Required work: The output is the lines below from the one with "#64=DIRECTION('',(0.,0.,1.));" through the one with "#95=CIRCLE('',#94,6.5);", both included, printed exactly and with no other line.

Entries taken from a collection
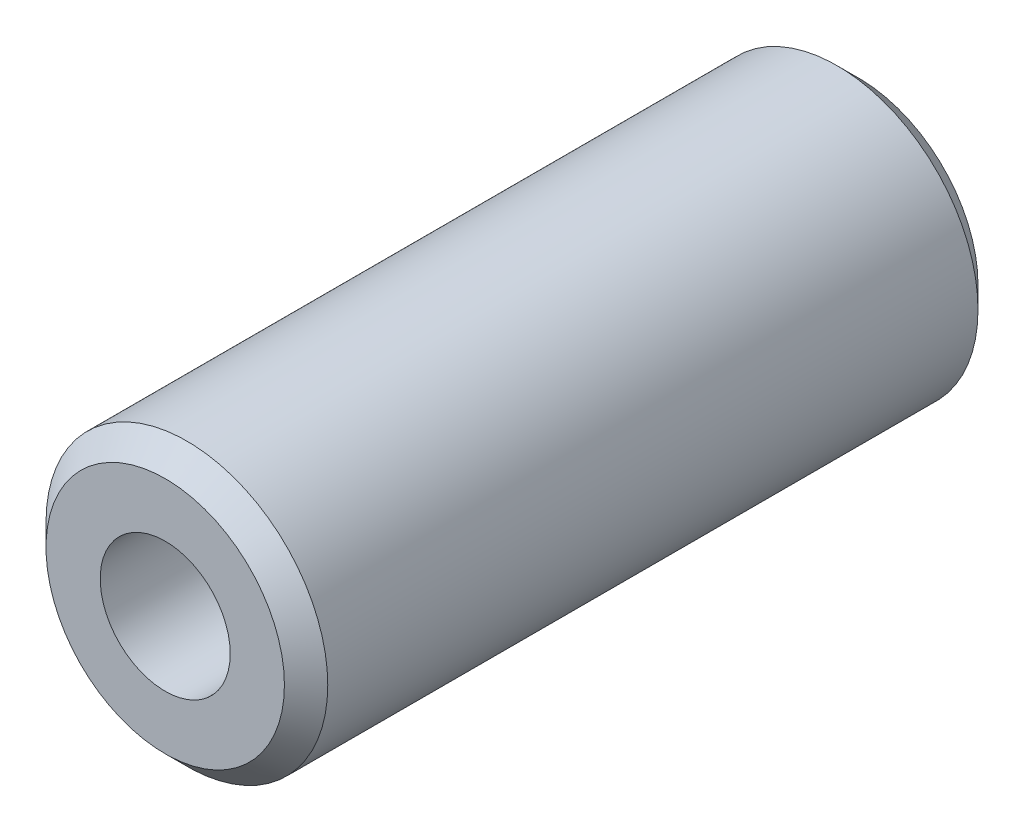
ISO-10303-21;
HEADER;
FILE_DESCRIPTION(('STEP AP214'),'2;1');
FILE_NAME('part.step','',(''),(''),'','','');
FILE_SCHEMA(('AUTOMOTIVE_DESIGN { 1 0 10303 214 1 1 1 1 }'));
ENDSEC;
DATA;
#1=APPLICATION_CONTEXT('core data for automotive mechanical design processes');
#2=APPLICATION_PROTOCOL_DEFINITION('international standard','automotive_design',2000,#1);
#3=PRODUCT_CONTEXT('',#1,'mechanical');
#4=PRODUCT('Part','Part','',(#3));
#5=PRODUCT_RELATED_PRODUCT_CATEGORY('part','',(#4));
#6=PRODUCT_DEFINITION_FORMATION('','',#4);
#7=PRODUCT_DEFINITION_CONTEXT('part definition',#1,'design');
#8=PRODUCT_DEFINITION('design','',#6,#7);
#9=PRODUCT_DEFINITION_SHAPE('','',#8);
#10=(LENGTH_UNIT() NAMED_UNIT(*) SI_UNIT(.MILLI.,.METRE.));
#11=(NAMED_UNIT(*) PLANE_ANGLE_UNIT() SI_UNIT($,.RADIAN.));
#12=(NAMED_UNIT(*) SI_UNIT($,.STERADIAN.) SOLID_ANGLE_UNIT());
#13=UNCERTAINTY_MEASURE_WITH_UNIT(LENGTH_MEASURE(1.E-05),#10,'distance_accuracy_value','');
#14=(GEOMETRIC_REPRESENTATION_CONTEXT(3) GLOBAL_UNCERTAINTY_ASSIGNED_CONTEXT((#13)) GLOBAL_UNIT_ASSIGNED_CONTEXT((#10,
#11,#12)) REPRESENTATION_CONTEXT('',''));
#15=CARTESIAN_POINT('',(0.,0.,0.));
#16=DIRECTION('',(0.,0.,1.));
#17=DIRECTION('',(1.,0.,0.));
#18=AXIS2_PLACEMENT_3D('',#15,#16,#17);
#19=CARTESIAN_POINT('',(0.,0.,32.));
#20=DIRECTION('',(0.,0.,1.));
#21=DIRECTION('',(1.,0.,0.));
#22=AXIS2_PLACEMENT_3D('',#19,#20,#21);
#23=PLANE('',#22);
#24=CARTESIAN_POINT('',(0.,0.,32.));
#25=DIRECTION('',(0.,0.,1.));
#26=DIRECTION('',(1.,0.,0.));
#27=AXIS2_PLACEMENT_3D('',#24,#25,#26);
#28=CIRCLE('',#27,5.5);
#29=CARTESIAN_POINT('',(5.5,0.,32.));
#30=VERTEX_POINT('',#29);
#31=EDGE_CURVE('E10',#30,#30,#28,.T.);
#32=ORIENTED_EDGE('',*,*,#31,.T.);
#33=EDGE_LOOP('',(#32));
#34=FACE_BOUND('',#33,.T.);
#35=CARTESIAN_POINT('',(0.,0.,32.));
#36=DIRECTION('',(0.,0.,1.));
#37=DIRECTION('',(1.,0.,0.));
#38=AXIS2_PLACEMENT_3D('',#35,#36,#37);
#39=CIRCLE('',#38,3.);
#40=CARTESIAN_POINT('',(3.,0.,32.));
#41=VERTEX_POINT('',#40);
#42=EDGE_CURVE('E65',#41,#41,#39,.T.);
#43=ORIENTED_EDGE('',*,*,#42,.F.);
#44=EDGE_LOOP('',(#43));
#45=FACE_BOUND('',#44,.T.);
#46=ADVANCED_FACE('F41',(#34,#45),#23,.T.);
#47=CARTESIAN_POINT('',(0.,0.,0.));
#48=DIRECTION('',(0.,0.,1.));
#49=DIRECTION('',(1.,0.,0.));
#50=AXIS2_PLACEMENT_3D('',#47,#48,#49);
#51=PLANE('',#50);
#52=CARTESIAN_POINT('',(0.,0.,0.));
#53=DIRECTION('',(0.,0.,1.));
#54=DIRECTION('',(1.,0.,0.));
#55=AXIS2_PLACEMENT_3D('',#52,#53,#54);
#56=CIRCLE('',#55,5.5);
#57=CARTESIAN_POINT('',(5.5,0.,0.));
#58=VERTEX_POINT('',#57);
#59=EDGE_CURVE('E47',#58,#58,#56,.F.);
#60=ORIENTED_EDGE('',*,*,#59,.T.);
#61=EDGE_LOOP('',(#60));
#62=FACE_BOUND('',#61,.T.);
#63=CARTESIAN_POINT('',(0.,0.,0.));
#64=DIRECTION('',(0.,0.,1.));
#65=DIRECTION('',(1.,0.,0.));
#66=AXIS2_PLACEMENT_3D('',#63,#64,#65);
#67=CIRCLE('',#66,3.);
#68=CARTESIAN_POINT('',(3.,0.,0.));
#69=VERTEX_POINT('',#68);
#70=EDGE_CURVE('E64',#69,#69,#67,.T.);
#71=ORIENTED_EDGE('',*,*,#70,.T.);
#72=EDGE_LOOP('',(#71));
#73=FACE_BOUND('',#72,.T.);
#74=ADVANCED_FACE('F71',(#62,#73),#51,.F.);
#75=CARTESIAN_POINT('',(0.,0.,32.));
#76=DIRECTION('',(0.,0.,-1.));
#77=DIRECTION('',(-1.,0.,0.));
#78=AXIS2_PLACEMENT_3D('',#75,#76,#77);
#79=CYLINDRICAL_SURFACE('',#78,6.5);
#80=CARTESIAN_POINT('',(0.,0.,1.));
#81=DIRECTION('',(0.,0.,1.));
#82=DIRECTION('',(1.,0.,0.));
#83=AXIS2_PLACEMENT_3D('',#80,#81,#82);
#84=CIRCLE('',#83,6.5);
#85=CARTESIAN_POINT('',(6.5,0.,1.));
#86=VERTEX_POINT('',#85);
#87=EDGE_CURVE('E52',#86,#86,#84,.T.);
#88=ORIENTED_EDGE('',*,*,#87,.T.);
#89=EDGE_LOOP('',(#88));
#90=FACE_BOUND('',#89,.T.);
#91=CARTESIAN_POINT('',(0.,0.,31.));
#92=DIRECTION('',(0.,0.,1.));
#93=DIRECTION('',(1.,0.,0.));
#94=AXIS2_PLACEMENT_3D('',#91,#92,#93);
#95=CIRCLE('',#94,6.5);
#96=CARTESIAN_POINT('',(6.5,0.,31.));
#97=VERTEX_POINT('',#96);
#98=EDGE_CURVE('E60',#97,#97,#95,.F.);
#99=ORIENTED_EDGE('',*,*,#98,.T.);
#100=EDGE_LOOP('',(#99));
#101=FACE_BOUND('',#100,.T.);
#102=ADVANCED_FACE('F76',(#90,#101),#79,.T.);
#103=CARTESIAN_POINT('',(0.,0.,32.));
#104=DIRECTION('',(0.,0.,-1.));
#105=DIRECTION('',(-1.,0.,0.));
#106=AXIS2_PLACEMENT_3D('',#103,#104,#105);
#107=CYLINDRICAL_SURFACE('',#106,3.);
#108=ORIENTED_EDGE('',*,*,#42,.T.);
#109=EDGE_LOOP('',(#108));
#110=FACE_BOUND('',#109,.T.);
#111=ORIENTED_EDGE('',*,*,#70,.F.);
#112=EDGE_LOOP('',(#111));
#113=FACE_BOUND('',#112,.T.);
#114=ADVANCED_FACE('F68',(#110,#113),#107,.F.);
#115=CARTESIAN_POINT('',(0.,0.,1.));
#116=DIRECTION('',(0.,0.,1.));
#117=DIRECTION('',(1.,0.,0.));
#118=AXIS2_PLACEMENT_3D('',#115,#116,#117);
#119=CONICAL_SURFACE('',#118,6.5,0.785398163397449);
#120=ORIENTED_EDGE('',*,*,#59,.F.);
#121=EDGE_LOOP('',(#120));
#122=FACE_BOUND('',#121,.T.);
#123=ORIENTED_EDGE('',*,*,#87,.F.);
#124=EDGE_LOOP('',(#123));
#125=FACE_BOUND('',#124,.T.);
#126=ADVANCED_FACE('F88',(#122,#125),#119,.T.);
#127=CARTESIAN_POINT('',(0.,0.,32.));
#128=DIRECTION('',(0.,0.,-1.));
#129=DIRECTION('',(-1.,0.,0.));
#130=AXIS2_PLACEMENT_3D('',#127,#128,#129);
#131=CONICAL_SURFACE('',#130,5.5,0.785398163397446);
#132=ORIENTED_EDGE('',*,*,#98,.F.);
#133=EDGE_LOOP('',(#132));
#134=FACE_BOUND('',#133,.T.);
#135=ORIENTED_EDGE('',*,*,#31,.F.);
#136=EDGE_LOOP('',(#135));
#137=FACE_BOUND('',#136,.T.);
#138=ADVANCED_FACE('F42',(#134,#137),#131,.T.);
#139=CLOSED_SHELL('',(#46,#74,#102,#114,#126,#138));
#140=MANIFOLD_SOLID_BREP('B2',#139);
#141=ADVANCED_BREP_SHAPE_REPRESENTATION('',(#18,#140),#14);
#142=SHAPE_DEFINITION_REPRESENTATION(#9,#141);
ENDSEC;
END-ISO-10303-21;

Task response:
#64=DIRECTION('',(0.,0.,1.));
#65=DIRECTION('',(1.,0.,0.));
#66=AXIS2_PLACEMENT_3D('',#63,#64,#65);
#67=CIRCLE('',#66,3.);
#68=CARTESIAN_POINT('',(3.,0.,0.));
#69=VERTEX_POINT('',#68);
#70=EDGE_CURVE('E64',#69,#69,#67,.T.);
#71=ORIENTED_EDGE('',*,*,#70,.T.);
#72=EDGE_LOOP('',(#71));
#73=FACE_BOUND('',#72,.T.);
#74=ADVANCED_FACE('F71',(#62,#73),#51,.F.);
#75=CARTESIAN_POINT('',(0.,0.,32.));
#76=DIRECTION('',(0.,0.,-1.));
#77=DIRECTION('',(-1.,0.,0.));
#78=AXIS2_PLACEMENT_3D('',#75,#76,#77);
#79=CYLINDRICAL_SURFACE('',#78,6.5);
#80=CARTESIAN_POINT('',(0.,0.,1.));
#81=DIRECTION('',(0.,0.,1.));
#82=DIRECTION('',(1.,0.,0.));
#83=AXIS2_PLACEMENT_3D('',#80,#81,#82);
#84=CIRCLE('',#83,6.5);
#85=CARTESIAN_POINT('',(6.5,0.,1.));
#86=VERTEX_POINT('',#85);
#87=EDGE_CURVE('E52',#86,#86,#84,.T.);
#88=ORIENTED_EDGE('',*,*,#87,.T.);
#89=EDGE_LOOP('',(#88));
#90=FACE_BOUND('',#89,.T.);
#91=CARTESIAN_POINT('',(0.,0.,31.));
#92=DIRECTION('',(0.,0.,1.));
#93=DIRECTION('',(1.,0.,0.));
#94=AXIS2_PLACEMENT_3D('',#91,#92,#93);
#95=CIRCLE('',#94,6.5);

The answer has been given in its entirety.